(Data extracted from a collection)
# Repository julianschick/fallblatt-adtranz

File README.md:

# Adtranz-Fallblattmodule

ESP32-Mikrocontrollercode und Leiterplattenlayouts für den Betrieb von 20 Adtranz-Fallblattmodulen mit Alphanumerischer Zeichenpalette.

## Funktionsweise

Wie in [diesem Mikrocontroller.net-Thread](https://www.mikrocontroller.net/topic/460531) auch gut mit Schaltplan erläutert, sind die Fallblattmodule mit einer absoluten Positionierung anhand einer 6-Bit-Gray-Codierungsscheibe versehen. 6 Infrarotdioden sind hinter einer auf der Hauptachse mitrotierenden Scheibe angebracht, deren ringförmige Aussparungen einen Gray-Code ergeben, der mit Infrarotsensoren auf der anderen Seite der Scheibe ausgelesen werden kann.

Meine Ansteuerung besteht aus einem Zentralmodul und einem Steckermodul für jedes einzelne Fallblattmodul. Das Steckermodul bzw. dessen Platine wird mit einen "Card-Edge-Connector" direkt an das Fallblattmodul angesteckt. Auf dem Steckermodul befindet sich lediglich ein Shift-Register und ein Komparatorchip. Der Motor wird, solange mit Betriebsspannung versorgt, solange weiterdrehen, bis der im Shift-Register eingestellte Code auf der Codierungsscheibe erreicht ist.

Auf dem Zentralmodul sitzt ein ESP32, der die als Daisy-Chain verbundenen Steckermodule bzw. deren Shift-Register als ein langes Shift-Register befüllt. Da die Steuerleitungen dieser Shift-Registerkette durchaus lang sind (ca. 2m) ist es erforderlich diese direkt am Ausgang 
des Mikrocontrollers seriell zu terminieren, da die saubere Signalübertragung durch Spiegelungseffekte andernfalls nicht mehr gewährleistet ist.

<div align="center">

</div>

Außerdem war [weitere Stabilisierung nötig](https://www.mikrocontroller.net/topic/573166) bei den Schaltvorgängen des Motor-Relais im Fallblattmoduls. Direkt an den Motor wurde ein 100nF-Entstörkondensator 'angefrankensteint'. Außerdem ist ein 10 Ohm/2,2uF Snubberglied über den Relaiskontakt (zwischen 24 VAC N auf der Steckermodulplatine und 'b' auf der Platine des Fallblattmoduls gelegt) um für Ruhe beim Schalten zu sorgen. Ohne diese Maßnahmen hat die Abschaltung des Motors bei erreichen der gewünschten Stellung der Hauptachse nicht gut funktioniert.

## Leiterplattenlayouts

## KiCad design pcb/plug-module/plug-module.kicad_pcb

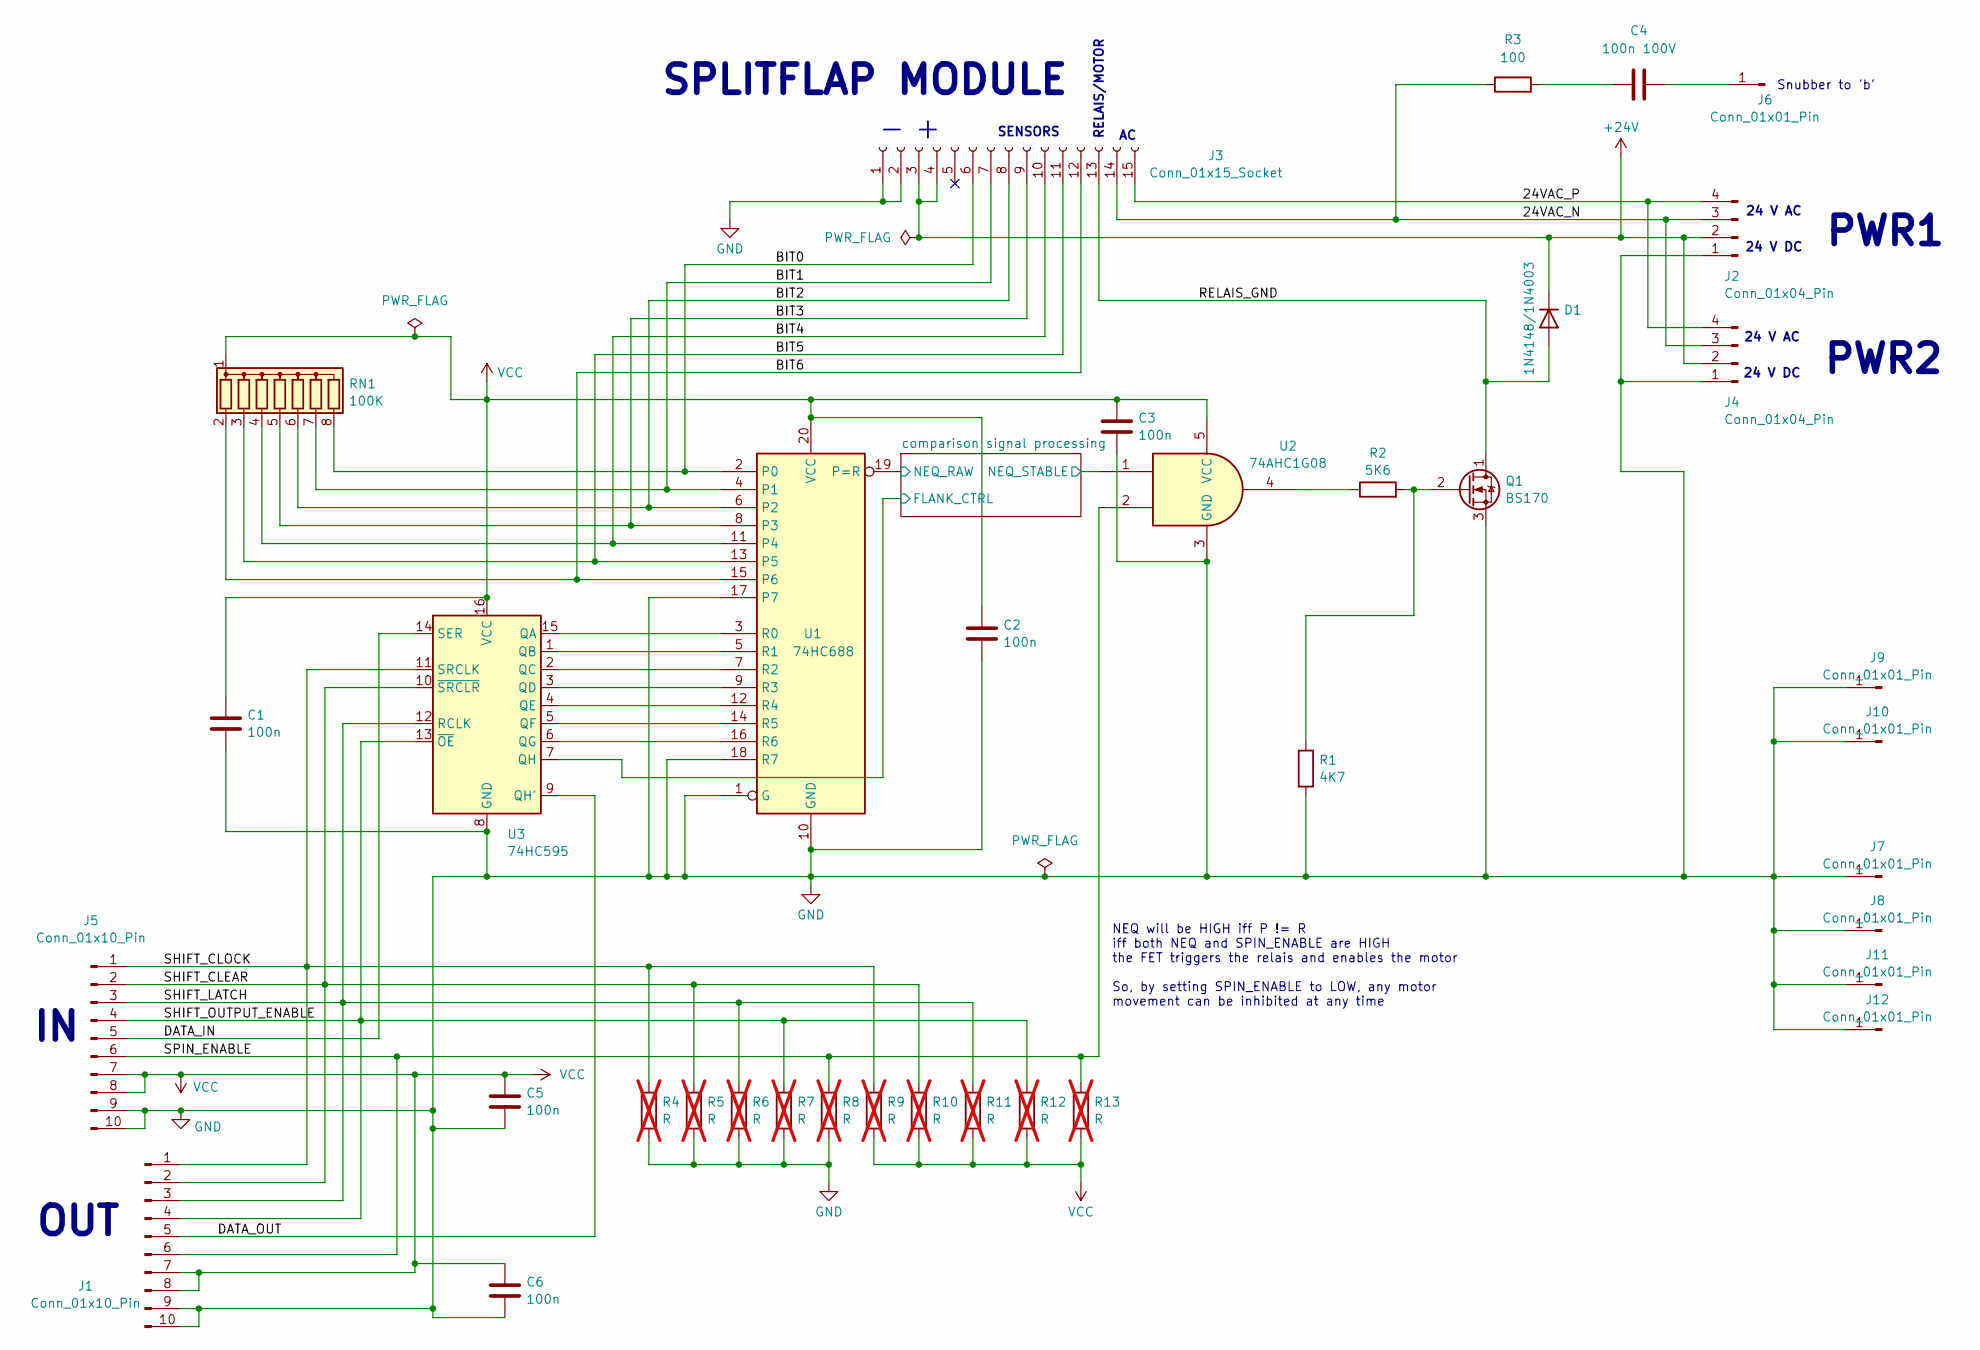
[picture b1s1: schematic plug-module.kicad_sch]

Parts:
C1, C2, C3, C5, C6: 100n; C_Disc_D4.3mm_W1.9mm_P5.00mm
C4: 100n 100V; C_Rect_L9.0mm_W3.6mm_P7.50mm_MKT
D1: 1N4148/1N4003; D_T-1_P10.16mm_Horizontal
J1, J5: Conn_01x10_Pin; TE_CON_5499922-1_BIGGERHULL
J2, J4: Conn_01x04_Pin; JST_VH_B4PS-VH_1x04_P3.96mm_Horizontal
J3: Conn_01x15_Socket; 1x15_CardEdge
J6: Conn_01x01_Pin; PinHeader_1x01_P2.54mm_Horizontal
J7, J8, J11, J12: Conn_01x01_Pin; TestPoint_Pad_4.0x4.0mm
J9, J10: Conn_01x01_Pin; Langloch-Pad
Q1: BS170; TO-92_Inline
R1: 4K7; R_Axial_DIN0207_L6.3mm_D2.5mm_P10.16mm_Horizontal
R2: 5K6; R_Axial_DIN0207_L6.3mm_D2.5mm_P10.16mm_Horizontal
R3: 100; R_Axial_DIN0207_L6.3mm_D2.5mm_P10.16mm_Horizontal
R4, R5, R6, R7, R8, R9, R10, R11, R12, R13: R; R_1206_3216Metric_Pad1.30x1.75mm_HandSolder; not fitted
RN1: 100K; R_Array_SIP8
U1: 74HC688; DIP-20_W7.62mm
U2: 74AHC1G08; TSSOP-5_Handsoldering
U3: 74HC595; DIP-16_W7.62mm

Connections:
+24V: D1.1 (K), J2.2, J3.3, J3.4, J4.2
/24VAC_N: J2.3, J3.14, J4.3, R3.1
/24VAC_P: J2.4, J3.15, J4.4
/BIT0: J3.6, RN1.8 (R7), U1.2 (P0)
/BIT1: J3.7, RN1.7 (R6), U1.4 (P1)
/BIT2: J3.8, RN1.6 (R5), U1.6 (P2)
/BIT3: J3.9, RN1.5 (R4), U1.8 (P3)
/BIT4: J3.10, RN1.4 (R3), U1.11 (P4)
/BIT5: J3.11, RN1.3 (R2), U1.13 (P5)
/BIT6: J3.12, RN1.2 (R1), U1.15 (P6)
/DATA_IN: J5.5, U3.14 (SER)
/DATA_OUT: J1.5, U3.9 (QH')
/RELAIS_GND: D1.2 (A), J3.13, Q1.1 (D)
/SHIFT_CLEAR: J1.2, J5.2, R5.1, R10.1, U3.10 (~SRCLR)
/SHIFT_CLOCK: J1.1, J5.1, R4.1, R9.1, U3.11 (SRCLK)
/SHIFT_LATCH: J1.3, J5.3, R6.1, R11.1, U3.12 (RCLK)
/SHIFT_OUTPUT_ENABLE: J1.4, J5.4, R7.1, R12.1, U3.13 (~OE)
/SPIN_ENABLE: J1.6, J5.6, R8.1, R13.1, U2.2
/comparison signal processing/FLANK_CTRL: U3.7 (QH); also elsewhere on the board
/comparison signal processing/NEQ_RAW: U1.19 (P=R); also elsewhere on the board
/comparison signal processing/NEQ_STABLE: U2.1; also elsewhere on the board
GND: C1.2, C2.2, C3.2, C5.2, C6.2, J1.9, J1.10, J2.1, J3.1, J3.2, J4.1, J5.9, J5.10, J7.1 (Pin_1_1), J8.1 (Pin_1_1), J9.1 (Pin_1_1), J10.1 (Pin_1_1), J11.1 (Pin_1_1), J12.1 (Pin_1_1), Q1.3 (S), R1.2, R4.2, R5.2, R6.2, R7.2, R8.2, U1.1 (G), U1.10 (GND), U1.17 (P7), U1.18 (R7), U2.3 (GND), U3.8 (GND); also elsewhere on the board
unnamed: C4.1, R3.2
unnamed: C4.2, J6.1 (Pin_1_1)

Exercise. Your task is to copy each line of the data above that holds "unnamed".

Solution.
unnamed: C4.1, R3.2
unnamed: C4.2, J6.1 (Pin_1_1)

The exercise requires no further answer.